* **WHAT NEEDS TO BE DONE**: Please transcribe exactly, and only, the lines of the data below between the line holding "#91=CYLINDRICAL_SURFACE('',#90,3.);" and the line holding "#116=ORIENTED_EDGE('',*,*,#68,.T.);", inclusive.

* **INFORMATION PROVIDED**:
--- START ---
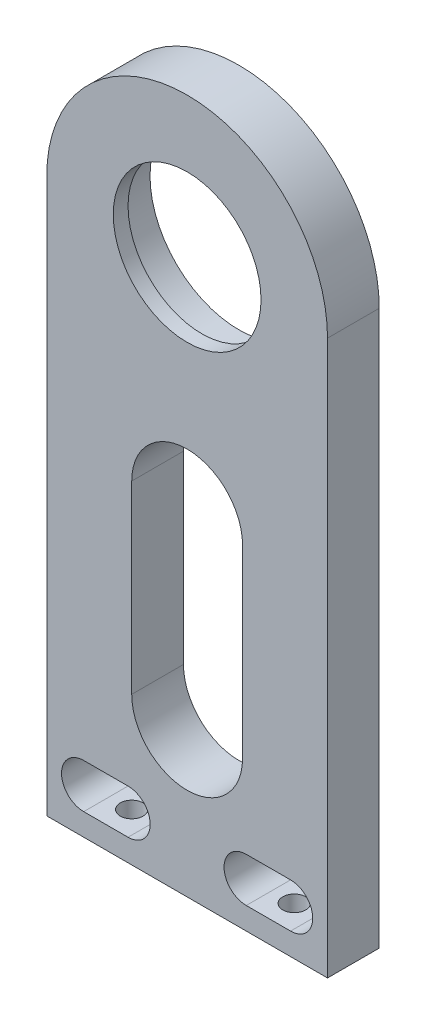
ISO-10303-21;
HEADER;
FILE_DESCRIPTION(('STEP AP214'),'2;1');
FILE_NAME('part.step','',(''),(''),'','','');
FILE_SCHEMA(('AUTOMOTIVE_DESIGN { 1 0 10303 214 1 1 1 1 }'));
ENDSEC;
DATA;
#1=APPLICATION_CONTEXT('core data for automotive mechanical design processes');
#2=APPLICATION_PROTOCOL_DEFINITION('international standard','automotive_design',2000,#1);
#3=PRODUCT_CONTEXT('',#1,'mechanical');
#4=PRODUCT('Part','Part','',(#3));
#5=PRODUCT_RELATED_PRODUCT_CATEGORY('part','',(#4));
#6=PRODUCT_DEFINITION_FORMATION('','',#4);
#7=PRODUCT_DEFINITION_CONTEXT('part definition',#1,'design');
#8=PRODUCT_DEFINITION('design','',#6,#7);
#9=PRODUCT_DEFINITION_SHAPE('','',#8);
#10=(LENGTH_UNIT() NAMED_UNIT(*) SI_UNIT(.MILLI.,.METRE.));
#11=(NAMED_UNIT(*) PLANE_ANGLE_UNIT() SI_UNIT($,.RADIAN.));
#12=(NAMED_UNIT(*) SI_UNIT($,.STERADIAN.) SOLID_ANGLE_UNIT());
#13=UNCERTAINTY_MEASURE_WITH_UNIT(LENGTH_MEASURE(1.E-05),#10,'distance_accuracy_value','');
#14=(GEOMETRIC_REPRESENTATION_CONTEXT(3) GLOBAL_UNCERTAINTY_ASSIGNED_CONTEXT((#13)) GLOBAL_UNIT_ASSIGNED_CONTEXT((#10,
#11,#12)) REPRESENTATION_CONTEXT('',''));
#15=CARTESIAN_POINT('',(0.,0.,0.));
#16=DIRECTION('',(0.,0.,1.));
#17=DIRECTION('',(1.,0.,0.));
#18=AXIS2_PLACEMENT_3D('',#15,#16,#17);
#19=CARTESIAN_POINT('',(0.,75.,7.));
#20=DIRECTION('',(0.,0.,-1.));
#21=DIRECTION('',(-1.,0.,0.));
#22=AXIS2_PLACEMENT_3D('',#19,#20,#21);
#23=CYLINDRICAL_SURFACE('',#22,10.);
#24=CARTESIAN_POINT('',(0.,75.,7.));
#25=DIRECTION('',(0.,0.,1.));
#26=DIRECTION('',(1.,0.,0.));
#27=AXIS2_PLACEMENT_3D('',#24,#25,#26);
#28=CIRCLE('',#27,10.);
#29=CARTESIAN_POINT('',(10.,75.,7.));
#30=VERTEX_POINT('',#29);
#31=EDGE_CURVE('E176',#30,#30,#28,.T.);
#32=ORIENTED_EDGE('',*,*,#31,.T.);
#33=EDGE_LOOP('',(#32));
#34=FACE_BOUND('',#33,.T.);
#35=CARTESIAN_POINT('',(0.,75.,5.));
#36=DIRECTION('',(0.,0.,-1.));
#37=DIRECTION('',(-1.,0.,0.));
#38=AXIS2_PLACEMENT_3D('',#35,#36,#37);
#39=CIRCLE('',#38,10.);
#40=CARTESIAN_POINT('',(-10.,75.,5.));
#41=VERTEX_POINT('',#40);
#42=EDGE_CURVE('E40',#41,#41,#39,.T.);
#43=ORIENTED_EDGE('',*,*,#42,.T.);
#44=EDGE_LOOP('',(#43));
#45=FACE_BOUND('',#44,.T.);
#46=ADVANCED_FACE('F36',(#34,#45),#23,.F.);
#47=CARTESIAN_POINT('',(0.,9.,7.));
#48=DIRECTION('',(0.,1.,0.));
#49=DIRECTION('',(-1.,0.,0.));
#50=AXIS2_PLACEMENT_3D('',#47,#48,#49);
#51=PLANE('',#50);
#52=DIRECTION('',(1.,0.,0.));
#53=VECTOR('',#52,1.);
#54=CARTESIAN_POINT('',(0.,9.,0.));
#55=LINE('',#54,#53);
#56=CARTESIAN_POINT('',(8.,9.,0.));
#57=VERTEX_POINT('',#56);
#58=CARTESIAN_POINT('',(14.,9.,0.));
#59=VERTEX_POINT('',#58);
#60=EDGE_CURVE('E218',#57,#59,#55,.T.);
#61=ORIENTED_EDGE('',*,*,#60,.T.);
#62=DIRECTION('',(0.,0.,-1.));
#63=VECTOR('',#62,1.);
#64=CARTESIAN_POINT('',(14.,9.,7.));
#65=LINE('',#64,#63);
#66=CARTESIAN_POINT('',(14.,9.,7.));
#67=VERTEX_POINT('',#66);
#68=EDGE_CURVE('E11',#67,#59,#65,.T.);
#69=ORIENTED_EDGE('',*,*,#68,.F.);
#70=DIRECTION('',(1.,0.,0.));
#71=VECTOR('',#70,1.);
#72=CARTESIAN_POINT('',(0.,9.,7.));
#73=LINE('',#72,#71);
#74=CARTESIAN_POINT('',(8.,9.,7.));
#75=VERTEX_POINT('',#74);
#76=EDGE_CURVE('E163',#75,#67,#73,.T.);
#77=ORIENTED_EDGE('',*,*,#76,.F.);
#78=DIRECTION('',(0.,0.,-1.));
#79=VECTOR('',#78,1.);
#80=CARTESIAN_POINT('',(8.,9.,7.));
#81=LINE('',#80,#79);
#82=EDGE_CURVE('E226',#75,#57,#81,.T.);
#83=ORIENTED_EDGE('',*,*,#82,.T.);
#84=EDGE_LOOP('',(#61,#69,#77,#83));
#85=FACE_BOUND('',#84,.T.);
#86=ADVANCED_FACE('F322',(#85),#51,.F.);
#87=CARTESIAN_POINT('',(14.,6.,7.));
#88=DIRECTION('',(0.,0.,-1.));
#89=DIRECTION('',(-1.,0.,0.));
#90=AXIS2_PLACEMENT_3D('',#87,#88,#89);
#91=CYLINDRICAL_SURFACE('',#90,3.);
#92=CARTESIAN_POINT('',(14.,6.,0.));
#93=DIRECTION('',(0.,0.,1.));
#94=DIRECTION('',(1.,0.,0.));
#95=AXIS2_PLACEMENT_3D('',#92,#93,#94);
#96=CIRCLE('',#95,3.);
#97=CARTESIAN_POINT('',(14.,3.,0.));
#98=VERTEX_POINT('',#97);
#99=EDGE_CURVE('E169',#59,#98,#96,.F.);
#100=ORIENTED_EDGE('',*,*,#99,.T.);
#101=DIRECTION('',(0.,0.,-1.));
#102=VECTOR('',#101,1.);
#103=CARTESIAN_POINT('',(14.,3.,7.));
#104=LINE('',#103,#102);
#105=CARTESIAN_POINT('',(14.,3.,7.));
#106=VERTEX_POINT('',#105);
#107=EDGE_CURVE('E46',#106,#98,#104,.T.);
#108=ORIENTED_EDGE('',*,*,#107,.F.);
#109=CARTESIAN_POINT('',(14.,6.,7.));
#110=DIRECTION('',(0.,0.,1.));
#111=DIRECTION('',(1.,0.,0.));
#112=AXIS2_PLACEMENT_3D('',#109,#110,#111);
#113=CIRCLE('',#112,3.);
#114=EDGE_CURVE('E156',#67,#106,#113,.F.);
#115=ORIENTED_EDGE('',*,*,#114,.F.);
#116=ORIENTED_EDGE('',*,*,#68,.T.);
#117=EDGE_LOOP('',(#100,#108,#115,#116));
#118=FACE_BOUND('',#117,.T.);
#119=ADVANCED_FACE('F168',(#118),#91,.F.);
#120=CARTESIAN_POINT('',(0.,3.,7.));
#121=DIRECTION('',(0.,1.,0.));
#122=DIRECTION('',(-1.,0.,0.));
#123=AXIS2_PLACEMENT_3D('',#120,#121,#122);
#124=PLANE('',#123);
#125=CARTESIAN_POINT('',(11.,3.,3.5));
#126=DIRECTION('',(0.,1.,0.));
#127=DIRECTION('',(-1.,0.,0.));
--- END ---
* **ANSWER TO THIS PROBLEM**:
#91=CYLINDRICAL_SURFACE('',#90,3.);
#92=CARTESIAN_POINT('',(14.,6.,0.));
#93=DIRECTION('',(0.,0.,1.));
#94=DIRECTION('',(1.,0.,0.));
#95=AXIS2_PLACEMENT_3D('',#92,#93,#94);
#96=CIRCLE('',#95,3.);
#97=CARTESIAN_POINT('',(14.,3.,0.));
#98=VERTEX_POINT('',#97);
#99=EDGE_CURVE('E169',#59,#98,#96,.F.);
#100=ORIENTED_EDGE('',*,*,#99,.T.);
#101=DIRECTION('',(0.,0.,-1.));
#102=VECTOR('',#101,1.);
#103=CARTESIAN_POINT('',(14.,3.,7.));
#104=LINE('',#103,#102);
#105=CARTESIAN_POINT('',(14.,3.,7.));
#106=VERTEX_POINT('',#105);
#107=EDGE_CURVE('E46',#106,#98,#104,.T.);
#108=ORIENTED_EDGE('',*,*,#107,.F.);
#109=CARTESIAN_POINT('',(14.,6.,7.));
#110=DIRECTION('',(0.,0.,1.));
#111=DIRECTION('',(1.,0.,0.));
#112=AXIS2_PLACEMENT_3D('',#109,#110,#111);
#113=CIRCLE('',#112,3.);
#114=EDGE_CURVE('E156',#67,#106,#113,.F.);
#115=ORIENTED_EDGE('',*,*,#114,.F.);
#116=ORIENTED_EDGE('',*,*,#68,.T.);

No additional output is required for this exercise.